START Information shown
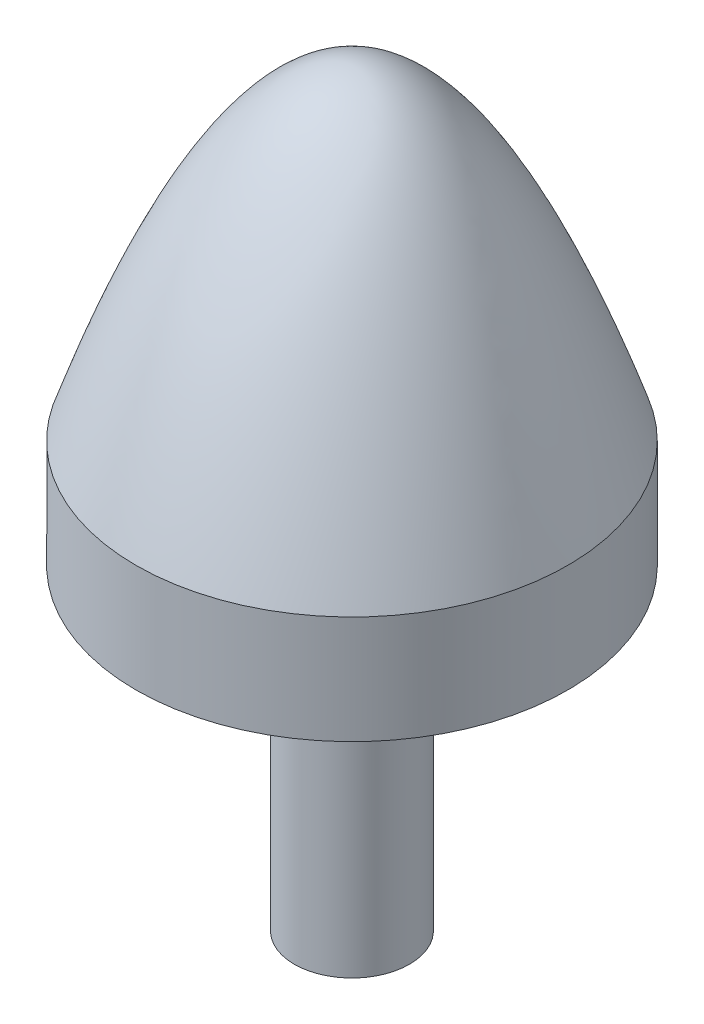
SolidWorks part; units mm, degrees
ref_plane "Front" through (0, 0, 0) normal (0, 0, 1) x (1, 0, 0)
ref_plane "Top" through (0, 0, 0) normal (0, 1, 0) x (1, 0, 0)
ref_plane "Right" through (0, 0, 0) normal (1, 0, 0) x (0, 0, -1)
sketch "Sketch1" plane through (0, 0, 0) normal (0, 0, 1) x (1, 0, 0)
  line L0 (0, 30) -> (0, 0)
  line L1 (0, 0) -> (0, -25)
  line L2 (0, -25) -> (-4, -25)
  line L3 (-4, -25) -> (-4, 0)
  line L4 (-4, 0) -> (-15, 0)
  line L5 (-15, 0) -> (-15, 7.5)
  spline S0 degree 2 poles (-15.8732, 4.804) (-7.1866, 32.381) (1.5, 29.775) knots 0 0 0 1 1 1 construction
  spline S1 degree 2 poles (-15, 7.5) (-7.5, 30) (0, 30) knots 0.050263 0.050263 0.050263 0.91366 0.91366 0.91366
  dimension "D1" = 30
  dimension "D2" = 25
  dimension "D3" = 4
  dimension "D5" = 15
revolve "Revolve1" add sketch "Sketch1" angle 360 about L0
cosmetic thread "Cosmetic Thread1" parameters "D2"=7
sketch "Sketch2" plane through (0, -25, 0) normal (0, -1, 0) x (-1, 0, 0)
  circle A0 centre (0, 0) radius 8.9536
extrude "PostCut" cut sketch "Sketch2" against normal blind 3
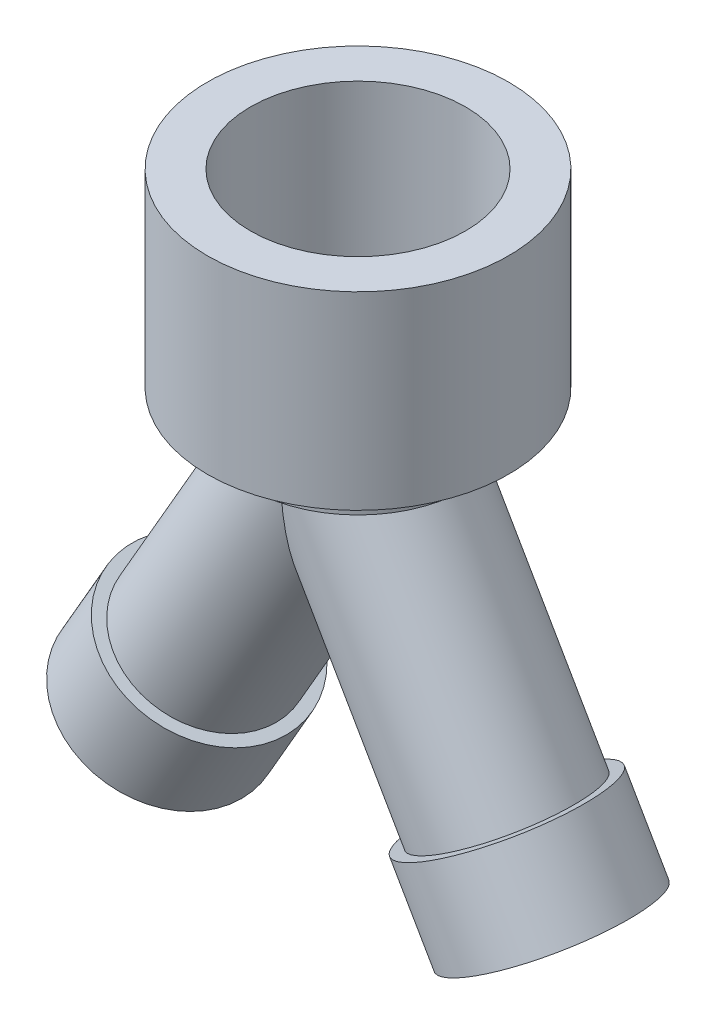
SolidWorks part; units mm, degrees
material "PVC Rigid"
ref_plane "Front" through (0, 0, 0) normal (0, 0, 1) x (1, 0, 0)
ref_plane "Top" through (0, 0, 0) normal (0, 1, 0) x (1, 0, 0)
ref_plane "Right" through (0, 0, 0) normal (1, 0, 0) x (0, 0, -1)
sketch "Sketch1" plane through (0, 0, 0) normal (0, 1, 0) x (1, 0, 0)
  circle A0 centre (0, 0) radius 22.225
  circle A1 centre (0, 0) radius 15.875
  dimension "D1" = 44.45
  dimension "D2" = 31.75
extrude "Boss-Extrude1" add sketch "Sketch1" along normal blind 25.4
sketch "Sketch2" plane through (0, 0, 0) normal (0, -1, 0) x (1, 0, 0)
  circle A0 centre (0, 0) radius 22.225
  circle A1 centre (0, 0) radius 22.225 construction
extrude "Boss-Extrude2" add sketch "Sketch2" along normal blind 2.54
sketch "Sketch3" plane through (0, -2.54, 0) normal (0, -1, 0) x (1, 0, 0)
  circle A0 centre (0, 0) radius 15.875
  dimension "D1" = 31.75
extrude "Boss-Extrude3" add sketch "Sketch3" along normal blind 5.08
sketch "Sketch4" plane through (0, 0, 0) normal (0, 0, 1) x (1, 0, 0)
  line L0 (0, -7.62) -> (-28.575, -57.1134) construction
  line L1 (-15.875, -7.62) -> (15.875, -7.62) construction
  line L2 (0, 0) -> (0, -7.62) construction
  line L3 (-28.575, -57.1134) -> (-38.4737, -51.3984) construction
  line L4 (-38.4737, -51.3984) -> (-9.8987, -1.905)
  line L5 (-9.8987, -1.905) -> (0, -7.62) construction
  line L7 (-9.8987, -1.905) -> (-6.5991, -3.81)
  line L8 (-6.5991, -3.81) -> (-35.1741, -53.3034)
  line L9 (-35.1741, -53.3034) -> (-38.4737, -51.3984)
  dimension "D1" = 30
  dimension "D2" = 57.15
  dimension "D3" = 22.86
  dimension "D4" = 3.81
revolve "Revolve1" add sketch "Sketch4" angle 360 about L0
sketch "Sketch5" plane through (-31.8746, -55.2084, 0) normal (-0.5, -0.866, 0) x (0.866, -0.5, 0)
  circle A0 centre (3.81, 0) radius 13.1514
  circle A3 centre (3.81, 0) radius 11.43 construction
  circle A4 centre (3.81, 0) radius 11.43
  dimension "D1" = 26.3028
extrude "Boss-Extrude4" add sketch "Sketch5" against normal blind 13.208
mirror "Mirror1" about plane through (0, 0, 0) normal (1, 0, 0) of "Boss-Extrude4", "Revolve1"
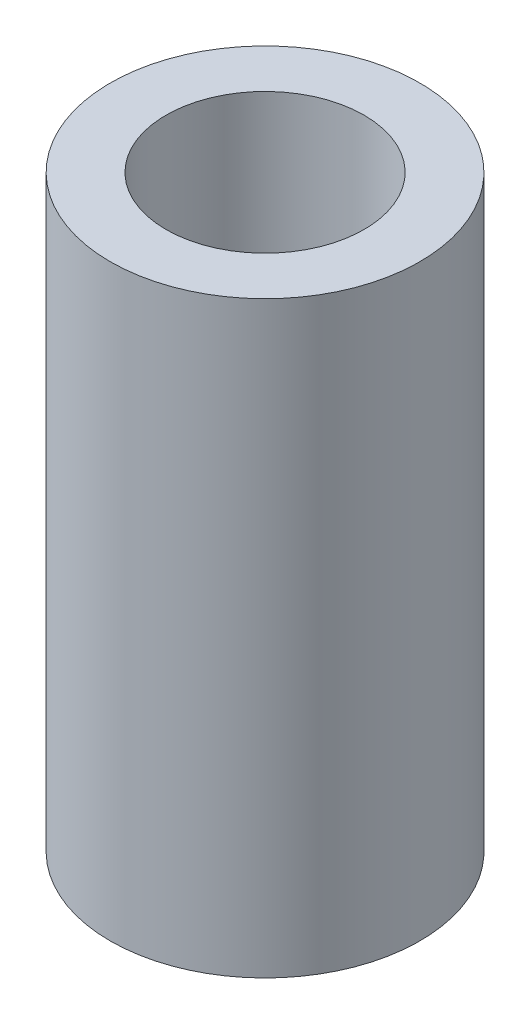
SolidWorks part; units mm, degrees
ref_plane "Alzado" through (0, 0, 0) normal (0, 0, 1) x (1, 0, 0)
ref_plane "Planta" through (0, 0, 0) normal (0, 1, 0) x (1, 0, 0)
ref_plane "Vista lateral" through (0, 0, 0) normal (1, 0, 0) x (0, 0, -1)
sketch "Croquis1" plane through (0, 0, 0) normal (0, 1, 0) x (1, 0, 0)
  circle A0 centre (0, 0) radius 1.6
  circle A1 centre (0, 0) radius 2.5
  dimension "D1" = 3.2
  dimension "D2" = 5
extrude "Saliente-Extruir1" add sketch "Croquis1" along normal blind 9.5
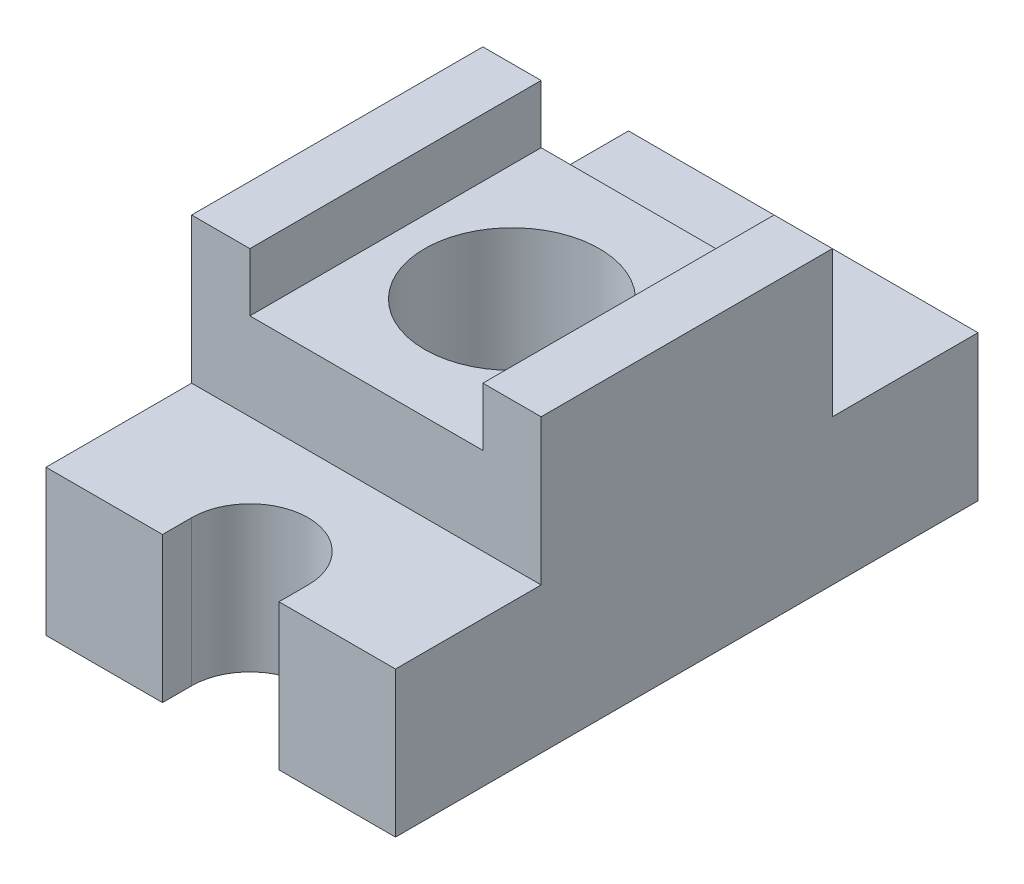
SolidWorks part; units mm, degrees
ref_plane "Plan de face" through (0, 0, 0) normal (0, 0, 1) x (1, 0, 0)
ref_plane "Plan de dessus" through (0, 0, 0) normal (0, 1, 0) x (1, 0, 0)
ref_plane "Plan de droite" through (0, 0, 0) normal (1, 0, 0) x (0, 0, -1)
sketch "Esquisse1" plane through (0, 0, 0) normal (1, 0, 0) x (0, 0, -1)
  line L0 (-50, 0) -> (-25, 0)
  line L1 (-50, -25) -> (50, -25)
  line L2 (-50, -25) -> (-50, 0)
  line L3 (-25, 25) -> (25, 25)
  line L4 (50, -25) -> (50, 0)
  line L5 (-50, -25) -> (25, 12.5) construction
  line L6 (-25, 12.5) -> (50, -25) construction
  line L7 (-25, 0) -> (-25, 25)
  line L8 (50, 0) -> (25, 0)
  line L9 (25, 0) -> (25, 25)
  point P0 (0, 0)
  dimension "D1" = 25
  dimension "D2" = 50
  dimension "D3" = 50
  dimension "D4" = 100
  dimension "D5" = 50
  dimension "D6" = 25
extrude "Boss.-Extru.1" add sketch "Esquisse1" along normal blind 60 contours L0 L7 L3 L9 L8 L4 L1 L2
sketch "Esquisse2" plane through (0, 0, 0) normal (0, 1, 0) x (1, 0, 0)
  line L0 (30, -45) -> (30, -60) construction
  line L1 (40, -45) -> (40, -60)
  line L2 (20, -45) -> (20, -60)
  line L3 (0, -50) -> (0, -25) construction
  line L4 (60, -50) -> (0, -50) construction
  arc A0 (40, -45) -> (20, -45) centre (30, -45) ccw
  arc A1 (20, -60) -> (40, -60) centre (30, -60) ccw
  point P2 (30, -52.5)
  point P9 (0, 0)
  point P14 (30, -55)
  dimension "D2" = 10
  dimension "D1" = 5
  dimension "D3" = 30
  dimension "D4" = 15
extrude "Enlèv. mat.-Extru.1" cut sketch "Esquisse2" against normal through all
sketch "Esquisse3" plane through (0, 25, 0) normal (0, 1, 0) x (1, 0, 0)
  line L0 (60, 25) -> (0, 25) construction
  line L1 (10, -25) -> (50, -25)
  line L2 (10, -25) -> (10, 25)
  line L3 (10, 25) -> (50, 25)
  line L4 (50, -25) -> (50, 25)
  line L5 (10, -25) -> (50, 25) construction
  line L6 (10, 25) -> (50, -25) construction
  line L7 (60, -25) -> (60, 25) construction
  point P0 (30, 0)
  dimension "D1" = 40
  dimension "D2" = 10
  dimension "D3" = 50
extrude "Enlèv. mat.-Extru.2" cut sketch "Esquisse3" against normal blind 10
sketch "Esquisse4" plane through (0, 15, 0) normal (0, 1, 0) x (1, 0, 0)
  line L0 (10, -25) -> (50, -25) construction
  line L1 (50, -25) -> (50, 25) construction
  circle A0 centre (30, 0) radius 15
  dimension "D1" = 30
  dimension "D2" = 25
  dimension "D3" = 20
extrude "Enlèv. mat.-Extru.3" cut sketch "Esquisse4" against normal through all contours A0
END Information shown
Beginning at the line above that contains "line L9 (-35.1741, -53.3034)", return each line exactly through the line that contains "normal blind 13.208", and no others.

  line L9 (-35.1741, -53.3034) -> (-38.4737, -51.3984)
  dimension "D1" = 30
  dimension "D2" = 57.15
  dimension "D3" = 22.86
  dimension "D4" = 3.81
revolve "Revolve1" add sketch "Sketch4" angle 360 about L0
sketch "Sketch5" plane through (-31.8746, -55.2084, 0) normal (-0.5, -0.866, 0) x (0.866, -0.5, 0)
  circle A0 centre (3.81, 0) radius 13.1514
  circle A3 centre (3.81, 0) radius 11.43 construction
  circle A4 centre (3.81, 0) radius 11.43
  dimension "D1" = 26.3028
extrude "Boss-Extrude4" add sketch "Sketch5" against normal blind 13.208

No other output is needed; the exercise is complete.